My favorites are the old american show line dogs. That's how I think GSDs should look. My least favorite is the new american show line- ironic no?


----------



## vedo (Nov 13, 2006)

Vedo is a "working line German Shepherd." He is not from the American AKC line. He has East German lines. He is very different from the American Akc's and was bread for working....agility, intelligence, temperment, tracking, etc. The American Shepherds were bread for looks and the show ring....and I think the breed has suffered for it. Vedo has something called "high prey drive" which makes him as agile and quick as a cat...you could never drag a stick or something infront of him...he would go mad to get it. He is not agressive or violent...when he encounters something unexpected or foreign, he is very calm and endeavors to examine it....I guess I could go on...and on...better stop.


----------



## Xeph (May 7, 2007)

Hi...I'm Xeph, I'm new, I'll post a proper intro thread later.

I've been reading this thread, and there's a number of things I wish to address, starting with this:



> Vedo has something called "high prey drive" which makes him as agile and quick as a cat...


Prey drive has jack crap to do with agility ^_^ My Old Man, Ranger, is almost 10 years old, has a rather nasty prey drive...his agility is absolute crap. He can't turn all that well or anything, part of that is age, part of that is build. He's American/West German. Retired narc dog (nice hunt drive).

Issue #2



> His last dog was huge and most of his other GSDs have been pretty big. Over 100 pounds, I like the larger look to them too. I don't know why anyone would ever want to make the breed standard what it is today.


GSDs are meant to be a medium-large breed, not extra large. They should NOT exceed 90 lbs (the German standard says 88.3 for males, the Americans just rounded up to 90). Females should be 70-75.

Males should not exceed 26" females 24".

The people who are breeding "Old Style German Shepherds" are liars, are really believe they're breeding correctly. They're not. In fact, the GSD was SMALLER back in the day, than they are now! A proper GSD is not a 30" behemoth that weighs 115! It's TOO BIG!


Issue #3


> True German bloodlines do not have that slanted stance. They are more as you call it straight backed.


This is both true and untrue. Depends on how they're stacked. I can make my 3 year old male (Primarily west german high lines) appear to have an extreme topline when he really doesn't. American showlines have straight backs when standing four square, but when you stack them, the hind quarters drop.
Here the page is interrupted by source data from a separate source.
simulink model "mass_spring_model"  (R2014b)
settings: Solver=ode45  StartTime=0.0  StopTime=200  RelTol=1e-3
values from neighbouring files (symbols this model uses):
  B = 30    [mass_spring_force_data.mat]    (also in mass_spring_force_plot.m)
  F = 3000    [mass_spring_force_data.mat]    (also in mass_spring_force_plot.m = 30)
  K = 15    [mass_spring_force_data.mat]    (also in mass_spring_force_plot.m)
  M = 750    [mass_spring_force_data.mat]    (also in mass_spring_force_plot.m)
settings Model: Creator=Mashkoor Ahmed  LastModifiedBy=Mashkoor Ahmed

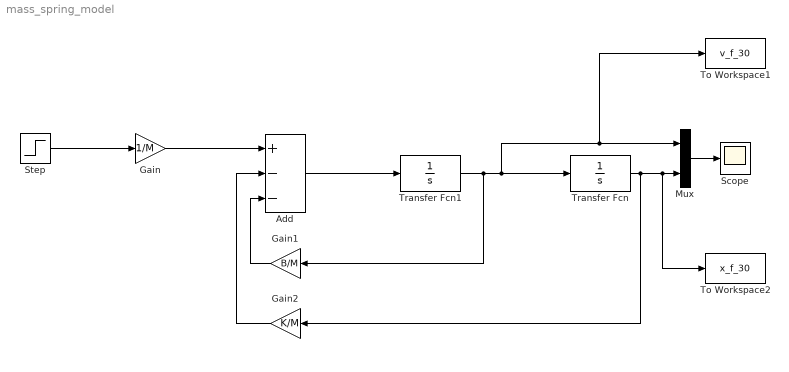
== system mass_spring_model ==
  Add : Sum  Inputs=+--
  Gain : Gain  Gain=1/M
  Gain1 : Gain  Gain=B/M
  Gain2 : Gain  Gain=K/M
  Mux : Mux  Inputs=2
  Scope : Scope
  Step : Step  Time=0  After=F  SampleTime=0
  To Workspace1 : ToWorkspace  VariableName=v_f_30  SaveFormat=Timeseries  SampleTime=-1
  To Workspace2 : ToWorkspace  VariableName=x_f_30  SaveFormat=Timeseries  SampleTime=-1
  Transfer Fcn : TransferFcn  Denominator=[1 0]
  Transfer Fcn1 : TransferFcn  Denominator=[1 0]
  wires:
  Step/1 -> Gain/1
  Gain/1 -> Add/1
  Gain1/1 -> Add/3
  Gain2/1 -> Add/2
  Add/1 -> Transfer Fcn1/1
  Transfer Fcn1/1 -> Gain1/1, To Workspace1/1, Mux/1, Transfer Fcn/1
  Transfer Fcn/1 -> Gain2/1, To Workspace2/1, Mux/2
  Mux/1 -> Scope/1

The Germans like to see a short coupled dog, so they stack the dogs closer in the rear to make the loin appear shorter. Americans like to see a more extreme dog, so the handler will stretch the dog, or even pinch a nerve in the hip at times to make the dog squat and look more extreme in topline.

Issue #4
The angulation in the rear (because it is the hind angulation that causes the topline to slope) does NOT cause hip dysplasia or anything of the like. True enough however, that in later years, the dog may have trouble getting around because of excessive angulation, but it is NOT because of pain (unless it's from arthritis), it is simply because the amount of angulation has become too much for the dog to handle.

Also, a GSD shown in all breed conformation shows is going to differ from GSDs shown in specialties. I can get pictures of the differences if you like.

Issue #5


> He doesn't want to go by breed standard because the standard is all about looks.


That's absolute bull pucky, sorry to tell ya. The standard describes a full functioning WORKING DOG. However, all standards are open to interpretation, and three things ruin a proper working dog.

One is corrupted judges, the another is corrupted breeders, and the other is people who aren't knowledgeable of the proper structure of a working dog. 

The GSD standard describes the proper structure of a working German Shepherd Dog, however, when breeders started breeding for more extreme angulation, what people ended up seeing a dog with this extreme, fluid, effortless gait, known as the flying trot.

People automatically assume that such a dog is better than a dog who is more moderate in angulation, because it's covering more ground in less steps. Not true. Many are very loosely ligamented and are only giving the illusion of a good mover. No way they'd hold up working 200+ sheep all day every day.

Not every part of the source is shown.